The above-mentioned serial numbers of the embodiments of the present invention are merely for description and do not represent the merits of the embodiments.
Through the above description of the embodiments, those skilled in the art will clearly understand that the method of the above embodiments can be implemented by software plus a necessary general hardware platform, and certainly can also be implemented by hardware, but in many cases, the former is a better implementation manner. Based on such understanding, the technical solutions of the present invention may be embodied in the form of a software product, which is stored in a storage medium (such as ROM/RAM, magnetic disk, optical disk) and includes instructions for enabling a terminal device (such as a mobile phone, a computer, a server, an air conditioner, or a network device) to execute the method according to the embodiments of the present invention.

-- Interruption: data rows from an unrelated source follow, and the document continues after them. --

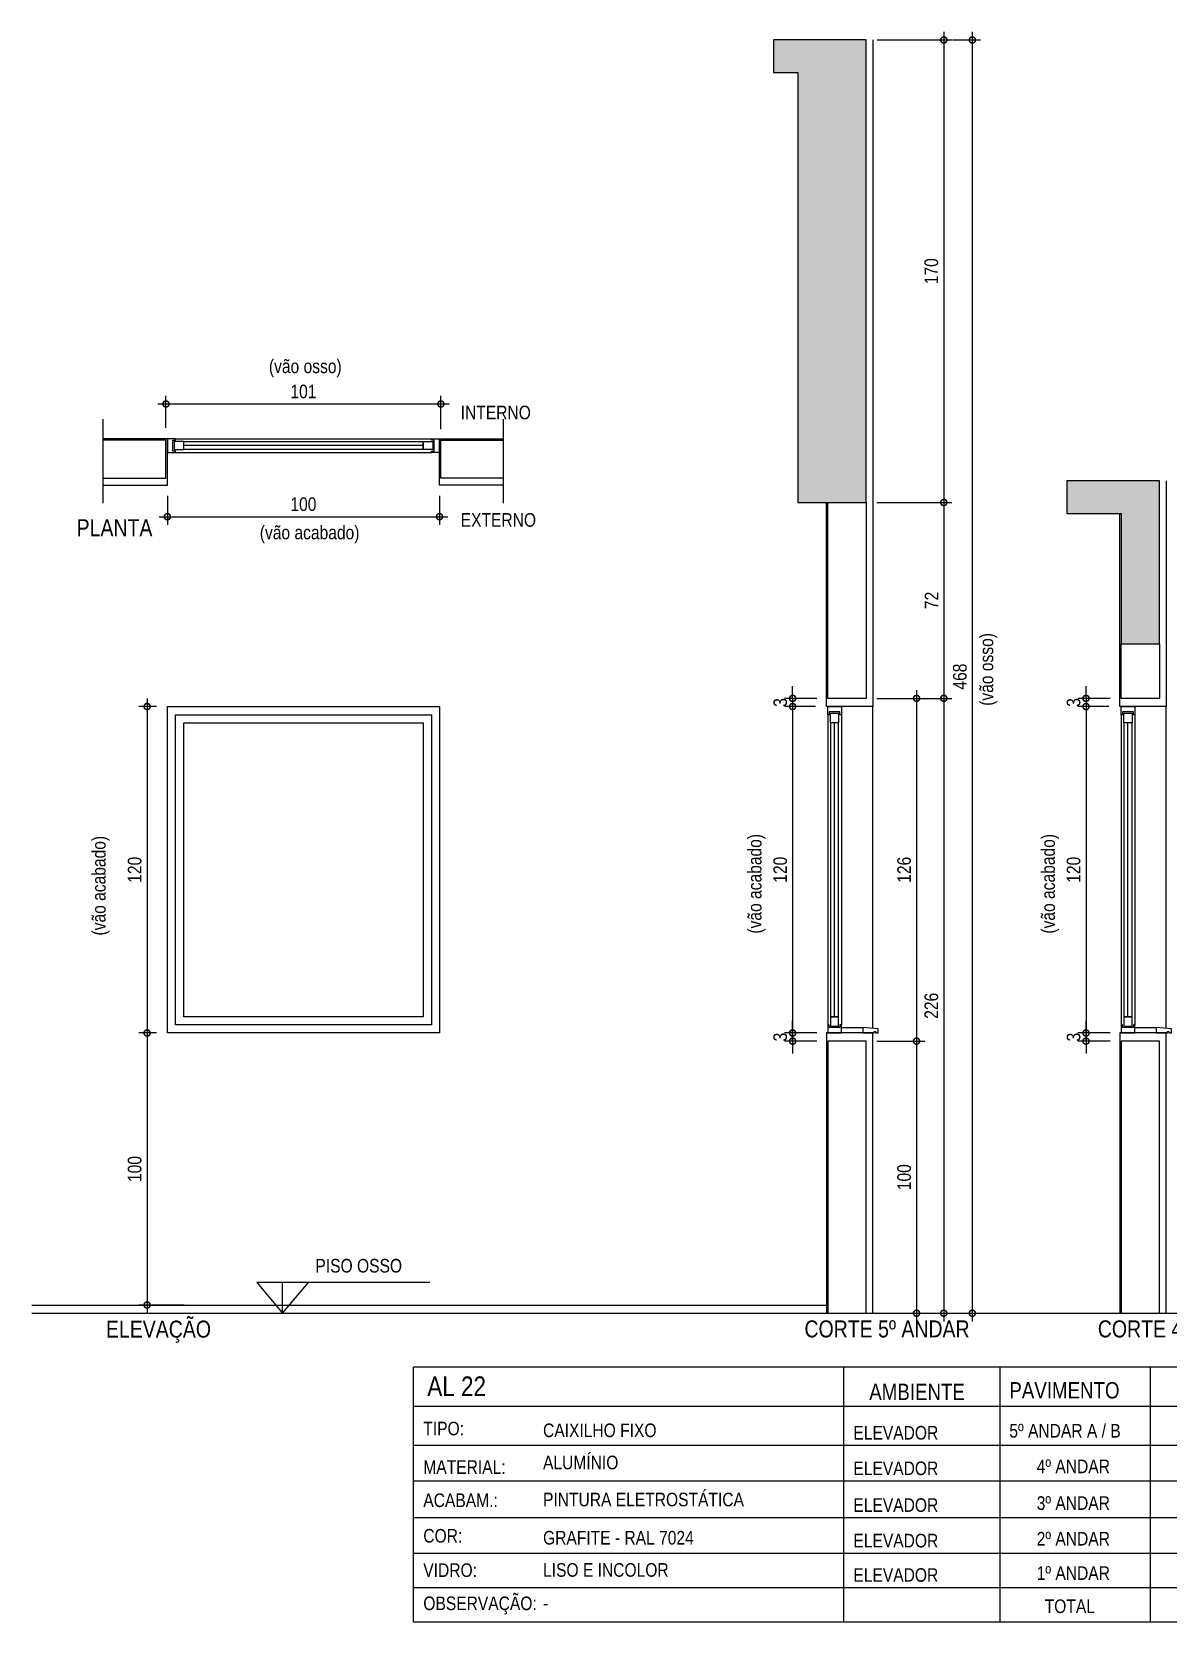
# Model space of a CAD drawing. Header units: metres. Extents: x 0 to 48.6, y -20.8 to 5.5.
# Drawn here: x 36.46 to 40.63, y -6.66 to -0.81 of the extents above; entities that cross this region are included whole.
import ezdxf

# ---------------------------------------------------------------- set-up
doc = ezdxf.new("R2010")
doc.units = ezdxf.units.M
for name, color, linetype in [('ARQ-ALV ACAB', 4, 'Continuous'), ('ARQ-ALV OSSO', 5, 'Continuous'), ('ARQ-AUX', 7, 'Continuous'), ('ARQ-AUX1', 1, 'Continuous'), ('ARQ-AUX2', 2, 'Continuous'), ('ARQ-CAX', 1, 'Continuous'), ('ARQ-CAX @ 1', 1, 'Continuous'), ('ARQ-DIM', 2, 'Continuous'), ('ARQ-ENCH', 1, 'Continuous'), ('ARQ-TXT', 2, 'Continuous'), ('ES-CORTE', 2, 'Continuous')]:
    doc.layers.add(name, color=color, linetype=linetype)
doc.styles.add('Adesa', font='ARIALN.TTF')
doc.dimstyles.new('ADESA 1-0025', dxfattribs={"dimtxt": 0.05, "dimasz": 0.045, "dimexe": 0.03, "dimexo": 0.04, "dimgap": 0.02, "dimtad": 1, "dimtoh": 1, "dimdec": 0, "dimlfac": 100, "dimzin": 4, "dimtxsty": 'Adesa', "dimblk": 'DOTSMALL', "dimcen": 1, "dimdle": 0.03, "dimclrd": 1, "dimclre": 1, "dimclrt": 256, "dimazin": 1, "dimtm": 1e-09, "dimtfac": 1, "dimtdec": 0, "dimtix": 1, "dimtmove": 2, "dimatfit": 0, "dimldrblk": 'DOTSMALL', "dimfxl": 0.8, "dimtvp": 2, "dimtolj": 1, "dimtzin": 0, "dimarcsym": 0})

# ---------------------------------------------------------------- blocks, each defined once
blk = doc.blocks.new('_DotSmall')
at = {"color": 0, "linetype": 'ByBlock', "const_width": 0.5}
blk.add_lwpolyline([(-0.0625, 0, 1), (0.0625, 0, 1)], format="xyb", close=True, dxfattribs=at)
blk = doc.blocks.new('*D356')
at = {"layer": 'ARQ-DIM', "color": 1, "lineweight": -2, "transparency": 16777216}
for p, q in [((36.9562, -2.5203), (36.9562, -2.6267)), ((37.9562, -2.5203), (37.9562, -2.6267)), ((36.9262, -2.5967), (37.9862, -2.5967))]:
    blk.add_line(p, q, dxfattribs=at)
at = {"layer": 'ARQ-DIM', "color": 1, "lineweight": -2, "transparency": 16777216, "xscale": 0.045, "yscale": 0.045, "zscale": 0.045, "rotation": 180}
blk.add_blockref('_DotSmall', (36.9562, -2.5967), dxfattribs=at)
at = {"layer": 'ARQ-DIM', "color": 1, "lineweight": -2, "transparency": 16777216, "xscale": 0.045, "yscale": 0.045, "zscale": 0.045}
blk.add_blockref('_DotSmall', (37.9562, -2.5967), dxfattribs=at)
at = {"layer": 'ARQ-DIM', "transparency": 16777216, "insert": (37.4562, -2.5511), "char_height": 0.05, "attachment_point": 5, "style": 'Adesa'}
blk.add_mtext('\\A1;100', dxfattribs=at)
blk = doc.blocks.new('*D350')
at = {"layer": 'ARQ-DIM', "color": 1, "lineweight": -2, "transparency": 16777216}
for p, q in [((36.8818, -3.2645), (36.8818, -4.5245)), ((36.9162, -3.2945), (36.8518, -3.2945)), ((36.9162, -4.4945), (36.8518, -4.4945))]:
    blk.add_line(p, q, dxfattribs=at)
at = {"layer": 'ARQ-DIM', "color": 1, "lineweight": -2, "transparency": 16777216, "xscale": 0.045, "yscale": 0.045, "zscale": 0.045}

The above description is only a preferred embodiment of the present invention, and not intended to limit the scope of the present invention, and all modifications of equivalent structures and equivalent processes, which are made by using the contents of the present specification and the accompanying drawings, or directly or indirectly applied to other related technical fields, are included in the scope of the present invention.

Claims (10)

1. A server, comprising a memory and a processor coupled to the memory, wherein the memory stores a processing program operable on the processor, and wherein the processing program when executed by the processor performs the steps of:
generating, after receiving an identity authentication request carrying a user identity sent by a client computer, a graphic code parameter of a graphic code corresponding to the user identity, and sending the graphic code parameter to the client computer, so that the client computer generates and displays the graphic code corresponding to the graphic code parameter, wherein the graphic code parameter comprises a random key and a voiceprint data acquisition link address;
an analysis step, after the handheld terminal analyzes the graphic code to obtain a random key and a voiceprint data acquisition link address, receiving a voiceprint verification request which is sent by the handheld terminal through the voiceprint data acquisition link address and carries the random key, and analyzing whether the random key in the graphic code parameters sent to the client computer is consistent with the random key received from the handheld terminal;
if so, establishing a voice data acquisition channel with the handheld terminal, and acquiring current voiceprint verification voice data of the user acquired from the handheld terminal based on the voice data acquisition channel;
and a verification step, namely constructing a current voiceprint authentication vector corresponding to the current voiceprint authentication voice data, determining a standard voiceprint authentication vector corresponding to the user identity according to a mapping relation between a preset user identity and the standard voiceprint authentication vector, calculating the distance between the current voiceprint authentication vector and the standard voiceprint authentication vector, generating an authentication result based on the calculated distance, and sending the authentication result to the client computer.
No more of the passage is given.